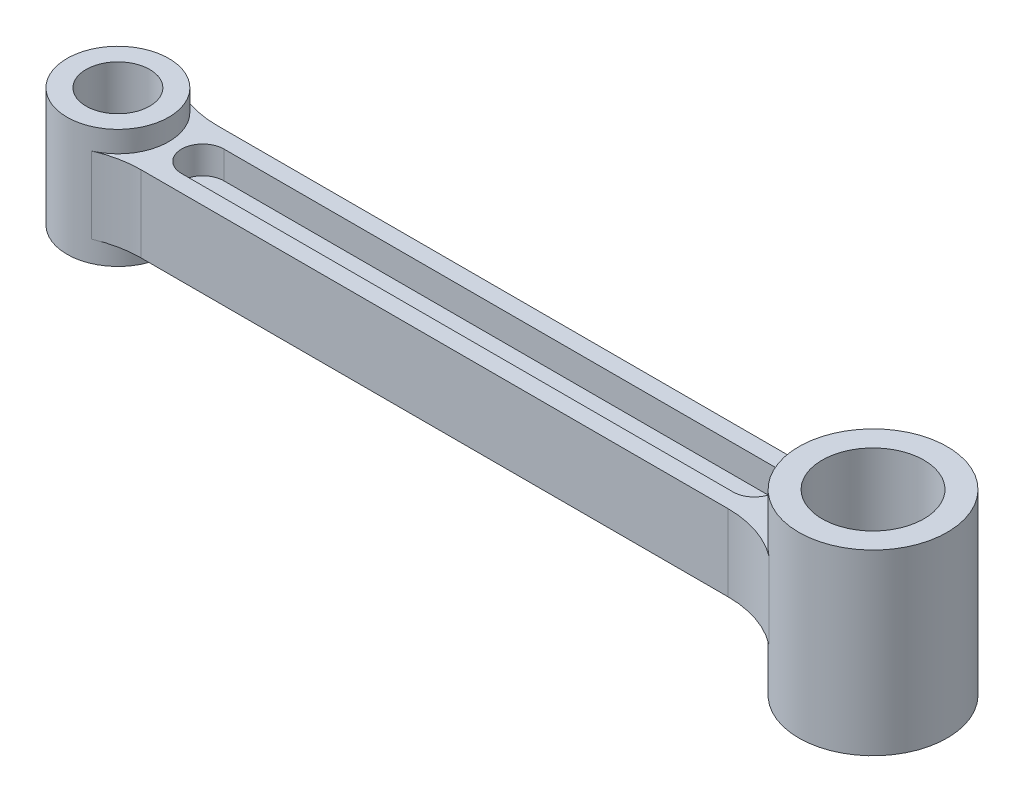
ISO-10303-21;
HEADER;
FILE_DESCRIPTION(('STEP AP214'),'2;1');
FILE_NAME('part.step','',(''),(''),'','','');
FILE_SCHEMA(('AUTOMOTIVE_DESIGN { 1 0 10303 214 1 1 1 1 }'));
ENDSEC;
DATA;
#1=APPLICATION_CONTEXT('core data for automotive mechanical design processes');
#2=APPLICATION_PROTOCOL_DEFINITION('international standard','automotive_design',2000,#1);
#3=PRODUCT_CONTEXT('',#1,'mechanical');
#4=PRODUCT('Part','Part','',(#3));
#5=PRODUCT_RELATED_PRODUCT_CATEGORY('part','',(#4));
#6=PRODUCT_DEFINITION_FORMATION('','',#4);
#7=PRODUCT_DEFINITION_CONTEXT('part definition',#1,'design');
#8=PRODUCT_DEFINITION('design','',#6,#7);
#9=PRODUCT_DEFINITION_SHAPE('','',#8);
#10=(LENGTH_UNIT() NAMED_UNIT(*) SI_UNIT(.MILLI.,.METRE.));
#11=(NAMED_UNIT(*) PLANE_ANGLE_UNIT() SI_UNIT($,.RADIAN.));
#12=(NAMED_UNIT(*) SI_UNIT($,.STERADIAN.) SOLID_ANGLE_UNIT());
#13=UNCERTAINTY_MEASURE_WITH_UNIT(LENGTH_MEASURE(1.E-05),#10,'distance_accuracy_value','');
#14=(GEOMETRIC_REPRESENTATION_CONTEXT(3) GLOBAL_UNCERTAINTY_ASSIGNED_CONTEXT((#13)) GLOBAL_UNIT_ASSIGNED_CONTEXT((#10,
#11,#12)) REPRESENTATION_CONTEXT('',''));
#15=CARTESIAN_POINT('',(0.,0.,0.));
#16=DIRECTION('',(0.,0.,1.));
#17=DIRECTION('',(1.,0.,0.));
#18=AXIS2_PLACEMENT_3D('',#15,#16,#17);
#19=CARTESIAN_POINT('',(-250.06840889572,-9.,0.));
#20=DIRECTION('',(0.,1.,0.));
#21=DIRECTION('',(0.,0.,1.));
#22=AXIS2_PLACEMENT_3D('',#19,#20,#21);
#23=PLANE('',#22);
#24=CARTESIAN_POINT('',(0.,-9.,0.));
#25=DIRECTION('',(0.,1.,0.));
#26=DIRECTION('',(0.,0.,1.));
#27=AXIS2_PLACEMENT_3D('',#24,#25,#26);
#28=CIRCLE('',#27,17.5);
#29=CARTESIAN_POINT('',(-10.6115188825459,-9.,-13.9156626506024));
#30=VERTEX_POINT('',#29);
#31=CARTESIAN_POINT('',(-10.6115188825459,-9.,13.9156626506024));
#32=VERTEX_POINT('',#31);
#33=EDGE_CURVE('E230',#30,#32,#28,.T.);
#34=ORIENTED_EDGE('',*,*,#33,.T.);
#35=CARTESIAN_POINT('',(-25.1644590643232,-9.,33.));
#36=DIRECTION('',(0.,1.,0.));
#37=DIRECTION('',(0.,0.,1.));
#38=AXIS2_PLACEMENT_3D('',#35,#36,#37);
#39=CIRCLE('',#38,24.);
#40=CARTESIAN_POINT('',(-25.1644590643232,-9.,9.));
#41=VERTEX_POINT('',#40);
#42=EDGE_CURVE('E295',#32,#41,#39,.T.);
#43=ORIENTED_EDGE('',*,*,#42,.T.);
#44=DIRECTION('',(1.,0.,0.));
#45=VECTOR('',#44,1.);
#46=CARTESIAN_POINT('',(-250.06840889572,-9.,8.99999999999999));
#47=LINE('',#46,#45);
#48=CARTESIAN_POINT('',(-163.612505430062,-9.,9.));
#49=VERTEX_POINT('',#48);
#50=EDGE_CURVE('E238',#49,#41,#47,.T.);
#51=ORIENTED_EDGE('',*,*,#50,.F.);
#52=CARTESIAN_POINT('',(-163.612505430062,-9.,33.));
#53=DIRECTION('',(0.,1.,0.));
#54=DIRECTION('',(0.,0.,1.));
#55=AXIS2_PLACEMENT_3D('',#52,#53,#54);
#56=CIRCLE('',#55,24.);
#57=CARTESIAN_POINT('',(-173.204168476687,-9.,11.));
#58=VERTEX_POINT('',#57);
#59=EDGE_CURVE('E44',#49,#58,#56,.T.);
#60=ORIENTED_EDGE('',*,*,#59,.T.);
#61=CARTESIAN_POINT('',(-178.,-9.,0.));
#62=DIRECTION('',(0.,1.,0.));
#63=DIRECTION('',(0.,0.,1.));
#64=AXIS2_PLACEMENT_3D('',#61,#62,#63);
#65=CIRCLE('',#64,12.);
#66=CARTESIAN_POINT('',(-173.204168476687,-9.,-11.));
#67=VERTEX_POINT('',#66);
#68=EDGE_CURVE('E250',#58,#67,#65,.T.);
#69=ORIENTED_EDGE('',*,*,#68,.T.);
#70=CARTESIAN_POINT('',(-163.612505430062,-9.,-33.));
#71=DIRECTION('',(0.,1.,0.));
#72=DIRECTION('',(0.,0.,1.));
#73=AXIS2_PLACEMENT_3D('',#70,#71,#72);
#74=CIRCLE('',#73,24.);
#75=CARTESIAN_POINT('',(-163.612505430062,-9.,-9.));
#76=VERTEX_POINT('',#75);
#77=EDGE_CURVE('E290',#67,#76,#74,.T.);
#78=ORIENTED_EDGE('',*,*,#77,.T.);
#79=DIRECTION('',(1.,0.,0.));
#80=VECTOR('',#79,1.);
#81=CARTESIAN_POINT('',(-250.06840889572,-9.,-8.99999999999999));
#82=LINE('',#81,#80);
#83=CARTESIAN_POINT('',(-25.1644590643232,-9.,-9.));
#84=VERTEX_POINT('',#83);
#85=EDGE_CURVE('E247',#76,#84,#82,.T.);
#86=ORIENTED_EDGE('',*,*,#85,.T.);
#87=CARTESIAN_POINT('',(-25.1644590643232,-9.,-33.));
#88=DIRECTION('',(0.,1.,0.));
#89=DIRECTION('',(0.,0.,1.));
#90=AXIS2_PLACEMENT_3D('',#87,#88,#89);
#91=CIRCLE('',#90,24.);
#92=EDGE_CURVE('E285',#84,#30,#91,.T.);
#93=ORIENTED_EDGE('',*,*,#92,.T.);
#94=EDGE_LOOP('',(#34,#43,#51,#60,#69,#78,#86,#93));
#95=FACE_BOUND('',#94,.T.);
#96=CARTESIAN_POINT('',(-158.,-9.,0.));
#97=DIRECTION('',(0.,1.,0.));
#98=DIRECTION('',(0.,0.,1.));
#99=AXIS2_PLACEMENT_3D('',#96,#97,#98);
#100=CIRCLE('',#99,5.);
#101=CARTESIAN_POINT('',(-158.,-9.,-5.));
#102=VERTEX_POINT('',#101);
#103=CARTESIAN_POINT('',(-158.,-9.,5.));
#104=VERTEX_POINT('',#103);
#105=EDGE_CURVE('E168',#102,#104,#100,.T.);
#106=ORIENTED_EDGE('',*,*,#105,.T.);
#107=DIRECTION('',(1.,0.,0.));
#108=VECTOR('',#107,1.);
#109=CARTESIAN_POINT('',(-158.,-9.,5.));
#110=LINE('',#109,#108);
#111=CARTESIAN_POINT('',(-28.,-9.,5.));
#112=VERTEX_POINT('',#111);
#113=EDGE_CURVE('E172',#104,#112,#110,.T.);
#114=ORIENTED_EDGE('',*,*,#113,.T.);
#115=CARTESIAN_POINT('',(-28.,-9.,0.));
#116=DIRECTION('',(0.,1.,0.));
#117=DIRECTION('',(0.,0.,1.));
#118=AXIS2_PLACEMENT_3D('',#115,#116,#117);
#119=CIRCLE('',#118,5.);
#120=CARTESIAN_POINT('',(-28.,-9.,-5.));
#121=VERTEX_POINT('',#120);
#122=EDGE_CURVE('E175',#112,#121,#119,.T.);
#123=ORIENTED_EDGE('',*,*,#122,.T.);
#124=DIRECTION('',(-1.,0.,0.));
#125=VECTOR('',#124,1.);
#126=CARTESIAN_POINT('',(-158.,-9.,-5.));
#127=LINE('',#126,#125);
#128=EDGE_CURVE('E181',#121,#102,#127,.T.);
#129=ORIENTED_EDGE('',*,*,#128,.T.);
#130=EDGE_LOOP('',(#106,#114,#123,#129));
#131=FACE_BOUND('',#130,.T.);
#132=ADVANCED_FACE('F36',(#95,#131),#23,.F.);
#133=CARTESIAN_POINT('',(-178.,14.,0.));
#134=DIRECTION('',(0.,-1.,0.));
#135=DIRECTION('',(0.,0.,-1.));
#136=AXIS2_PLACEMENT_3D('',#133,#134,#135);
#137=CYLINDRICAL_SURFACE('',#136,12.);
#138=DIRECTION('',(0.,-1.,0.));
#139=VECTOR('',#138,1.);
#140=CARTESIAN_POINT('',(-173.204168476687,14.,-11.));
#141=LINE('',#140,#139);
#142=CARTESIAN_POINT('',(-173.204168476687,9.,-11.));
#143=VERTEX_POINT('',#142);
#144=EDGE_CURVE('E278',#143,#67,#141,.T.);
#145=ORIENTED_EDGE('',*,*,#144,.T.);
#146=ORIENTED_EDGE('',*,*,#68,.F.);
#147=DIRECTION('',(0.,-1.,0.));
#148=VECTOR('',#147,1.);
#149=CARTESIAN_POINT('',(-173.204168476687,14.,11.));
#150=LINE('',#149,#148);
#151=CARTESIAN_POINT('',(-173.204168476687,9.,11.));
#152=VERTEX_POINT('',#151);
#153=EDGE_CURVE('E275',#58,#152,#150,.F.);
#154=ORIENTED_EDGE('',*,*,#153,.T.);
#155=CARTESIAN_POINT('',(-178.,9.,0.));
#156=DIRECTION('',(0.,1.,0.));
#157=DIRECTION('',(0.,0.,1.));
#158=AXIS2_PLACEMENT_3D('',#155,#156,#157);
#159=CIRCLE('',#158,12.);
#160=EDGE_CURVE('E241',#152,#143,#159,.T.);
#161=ORIENTED_EDGE('',*,*,#160,.T.);
#162=EDGE_LOOP('',(#145,#146,#154,#161));
#163=FACE_BOUND('',#162,.T.);
#164=CARTESIAN_POINT('',(-178.,14.,0.));
#165=DIRECTION('',(0.,1.,0.));
#166=DIRECTION('',(0.,0.,1.));
#167=AXIS2_PLACEMENT_3D('',#164,#165,#166);
#168=CIRCLE('',#167,12.);
#169=CARTESIAN_POINT('',(-178.,14.,12.));
#170=VERTEX_POINT('',#169);
#171=EDGE_CURVE('E253',#170,#170,#168,.T.);
#172=ORIENTED_EDGE('',*,*,#171,.F.);
#173=EDGE_LOOP('',(#172));
#174=FACE_BOUND('',#173,.T.);
#175=CARTESIAN_POINT('',(-178.,-14.,0.));
#176=DIRECTION('',(0.,1.,0.));
#177=DIRECTION('',(0.,0.,1.));
#178=AXIS2_PLACEMENT_3D('',#175,#176,#177);
#179=CIRCLE('',#178,12.);
#180=CARTESIAN_POINT('',(-178.,-14.,12.));
#181=VERTEX_POINT('',#180);
#182=EDGE_CURVE('E245',#181,#181,#179,.T.);
#183=ORIENTED_EDGE('',*,*,#182,.T.);
#184=EDGE_LOOP('',(#183));
#185=FACE_BOUND('',#184,.T.);
#186=ADVANCED_FACE('F308',(#163,#174,#185),#137,.T.);
#187=CARTESIAN_POINT('',(-178.,14.,0.));
#188=DIRECTION('',(0.,-1.,0.));
#189=DIRECTION('',(0.,0.,-1.));
#190=AXIS2_PLACEMENT_3D('',#187,#188,#189);
#191=CYLINDRICAL_SURFACE('',#190,7.50000000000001);
#192=CARTESIAN_POINT('',(-178.,14.,0.));
#193=DIRECTION('',(0.,1.,0.));
#194=DIRECTION('',(0.,0.,1.));
#195=AXIS2_PLACEMENT_3D('',#192,#193,#194);
#196=CIRCLE('',#195,7.50000000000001);
#197=CARTESIAN_POINT('',(-178.,14.,7.50000000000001));
#198=VERTEX_POINT('',#197);
#199=EDGE_CURVE('E256',#198,#198,#196,.T.);
#200=ORIENTED_EDGE('',*,*,#199,.T.);
#201=EDGE_LOOP('',(#200));
#202=FACE_BOUND('',#201,.T.);
#203=CARTESIAN_POINT('',(-178.,-14.,0.));
#204=DIRECTION('',(0.,1.,0.));
#205=DIRECTION('',(0.,0.,1.));
#206=AXIS2_PLACEMENT_3D('',#203,#204,#205);
#207=CIRCLE('',#206,7.50000000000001);
#208=CARTESIAN_POINT('',(-178.,-14.,7.50000000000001));
#209=VERTEX_POINT('',#208);
#210=EDGE_CURVE('E257',#209,#209,#207,.T.);
#211=ORIENTED_EDGE('',*,*,#210,.F.);
#212=EDGE_LOOP('',(#211));
#213=FACE_BOUND('',#212,.T.);
#214=ADVANCED_FACE('F350',(#202,#213),#191,.F.);
#215=CARTESIAN_POINT('',(-250.06840889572,14.,0.));
#216=DIRECTION('',(0.,1.,0.));
#217=DIRECTION('',(0.,0.,1.));
#218=AXIS2_PLACEMENT_3D('',#215,#216,#217);
#219=PLANE('',#218);
#220=ORIENTED_EDGE('',*,*,#171,.T.);
#221=EDGE_LOOP('',(#220));
#222=FACE_BOUND('',#221,.T.);
#223=ORIENTED_EDGE('',*,*,#199,.F.);
#224=EDGE_LOOP('',(#223));
#225=FACE_BOUND('',#224,.T.);
#226=ADVANCED_FACE('F549',(#222,#225),#219,.T.);
#227=CARTESIAN_POINT('',(-250.06840889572,-14.,0.));
#228=DIRECTION('',(0.,1.,0.));
#229=DIRECTION('',(0.,0.,1.));
#230=AXIS2_PLACEMENT_3D('',#227,#228,#229);
#231=PLANE('',#230);
#232=ORIENTED_EDGE('',*,*,#182,.F.);
#233=EDGE_LOOP('',(#232));
#234=FACE_BOUND('',#233,.T.);
#235=ORIENTED_EDGE('',*,*,#210,.T.);
#236=EDGE_LOOP('',(#235));
#237=FACE_BOUND('',#236,.T.);
#238=ADVANCED_FACE('F343',(#234,#237),#231,.F.);
#239=CARTESIAN_POINT('',(-250.06840889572,9.,-8.99999999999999));
#240=DIRECTION('',(0.,0.,-1.));
#241=DIRECTION('',(-1.,0.,0.));
#242=AXIS2_PLACEMENT_3D('',#239,#240,#241);
#243=PLANE('',#242);
#244=DIRECTION('',(1.,0.,0.));
#245=VECTOR('',#244,1.);
#246=CARTESIAN_POINT('',(-250.06840889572,9.,-8.99999999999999));
#247=LINE('',#246,#245);
#248=CARTESIAN_POINT('',(-163.612505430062,9.,-9.));
#249=VERTEX_POINT('',#248);
#250=CARTESIAN_POINT('',(-25.1644590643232,9.,-9.));
#251=VERTEX_POINT('',#250);
#252=EDGE_CURVE('E237',#249,#251,#247,.T.);
#253=ORIENTED_EDGE('',*,*,#252,.T.);
#254=DIRECTION('',(0.,-1.,0.));
#255=VECTOR('',#254,1.);
#256=CARTESIAN_POINT('',(-25.1644590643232,9.,-9.));
#257=LINE('',#256,#255);
#258=EDGE_CURVE('E266',#251,#84,#257,.T.);
#259=ORIENTED_EDGE('',*,*,#258,.T.);
#260=ORIENTED_EDGE('',*,*,#85,.F.);
#261=DIRECTION('',(0.,-1.,0.));
#262=VECTOR('',#261,1.);
#263=CARTESIAN_POINT('',(-163.612505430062,9.,-9.));
#264=LINE('',#263,#262);
#265=EDGE_CURVE('E260',#76,#249,#264,.F.);
#266=ORIENTED_EDGE('',*,*,#265,.T.);
#267=EDGE_LOOP('',(#253,#259,#260,#266));
#268=FACE_BOUND('',#267,.T.);
#269=ADVANCED_FACE('F317',(#268),#243,.T.);
#270=CARTESIAN_POINT('',(-250.06840889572,9.,8.99999999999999));
#271=DIRECTION('',(0.,0.,-1.));
#272=DIRECTION('',(-1.,0.,0.));
#273=AXIS2_PLACEMENT_3D('',#270,#271,#272);
#274=PLANE('',#273);
#275=ORIENTED_EDGE('',*,*,#50,.T.);
#276=DIRECTION('',(0.,1.,0.));
#277=VECTOR('',#276,1.);
#278=CARTESIAN_POINT('',(-25.1644590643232,9.,9.));
#279=LINE('',#278,#277);
#280=CARTESIAN_POINT('',(-25.1644590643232,9.,9.));
#281=VERTEX_POINT('',#280);
#282=EDGE_CURVE('E51',#41,#281,#279,.T.);
#283=ORIENTED_EDGE('',*,*,#282,.T.);
#284=DIRECTION('',(1.,0.,0.));
#285=VECTOR('',#284,1.);
#286=CARTESIAN_POINT('',(-250.06840889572,9.,8.99999999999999));
#287=LINE('',#286,#285);
#288=CARTESIAN_POINT('',(-163.612505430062,9.,9.));
#289=VERTEX_POINT('',#288);
#290=EDGE_CURVE('E243',#289,#281,#287,.T.);
#291=ORIENTED_EDGE('',*,*,#290,.F.);
#292=DIRECTION('',(0.,1.,0.));
#293=VECTOR('',#292,1.);
#294=CARTESIAN_POINT('',(-163.612505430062,-9.,9.));
#295=LINE('',#294,#293);
#296=EDGE_CURVE('E281',#289,#49,#295,.F.);
#297=ORIENTED_EDGE('',*,*,#296,.T.);
#298=EDGE_LOOP('',(#275,#283,#291,#297));
#299=FACE_BOUND('',#298,.T.);
#300=ADVANCED_FACE('F333',(#299),#274,.F.);
#301=CARTESIAN_POINT('',(-250.06840889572,9.,0.));
#302=DIRECTION('',(0.,1.,0.));
#303=DIRECTION('',(0.,0.,1.));
#304=AXIS2_PLACEMENT_3D('',#301,#302,#303);
#305=PLANE('',#304);
#306=CARTESIAN_POINT('',(-158.,9.,0.));
#307=DIRECTION('',(0.,1.,0.));
#308=DIRECTION('',(0.,0.,1.));
#309=AXIS2_PLACEMENT_3D('',#306,#307,#308);
#310=CIRCLE('',#309,5.);
#311=CARTESIAN_POINT('',(-158.,9.,-5.));
#312=VERTEX_POINT('',#311);
#313=CARTESIAN_POINT('',(-158.,9.,5.));
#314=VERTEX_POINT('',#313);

-----

:: TASK TO CARRY OUT ::
Working from the material above, retype exactly the lines from the one with "#187=CARTESIAN_POINT('',(-178.,14.,0.));" through the one with "#210=EDGE_CURVE('E257',#209,#209,#207,.T.);", both included, and only those lines.

:: ANSWER SPACE ::
#187=CARTESIAN_POINT('',(-178.,14.,0.));
#188=DIRECTION('',(0.,-1.,0.));
#189=DIRECTION('',(0.,0.,-1.));
#190=AXIS2_PLACEMENT_3D('',#187,#188,#189);
#191=CYLINDRICAL_SURFACE('',#190,7.50000000000001);
#192=CARTESIAN_POINT('',(-178.,14.,0.));
#193=DIRECTION('',(0.,1.,0.));
#194=DIRECTION('',(0.,0.,1.));
#195=AXIS2_PLACEMENT_3D('',#192,#193,#194);
#196=CIRCLE('',#195,7.50000000000001);
#197=CARTESIAN_POINT('',(-178.,14.,7.50000000000001));
#198=VERTEX_POINT('',#197);
#199=EDGE_CURVE('E256',#198,#198,#196,.T.);
#200=ORIENTED_EDGE('',*,*,#199,.T.);
#201=EDGE_LOOP('',(#200));
#202=FACE_BOUND('',#201,.T.);
#203=CARTESIAN_POINT('',(-178.,-14.,0.));
#204=DIRECTION('',(0.,1.,0.));
#205=DIRECTION('',(0.,0.,1.));
#206=AXIS2_PLACEMENT_3D('',#203,#204,#205);
#207=CIRCLE('',#206,7.50000000000001);
#208=CARTESIAN_POINT('',(-178.,-14.,7.50000000000001));
#209=VERTEX_POINT('',#208);
#210=EDGE_CURVE('E257',#209,#209,#207,.T.);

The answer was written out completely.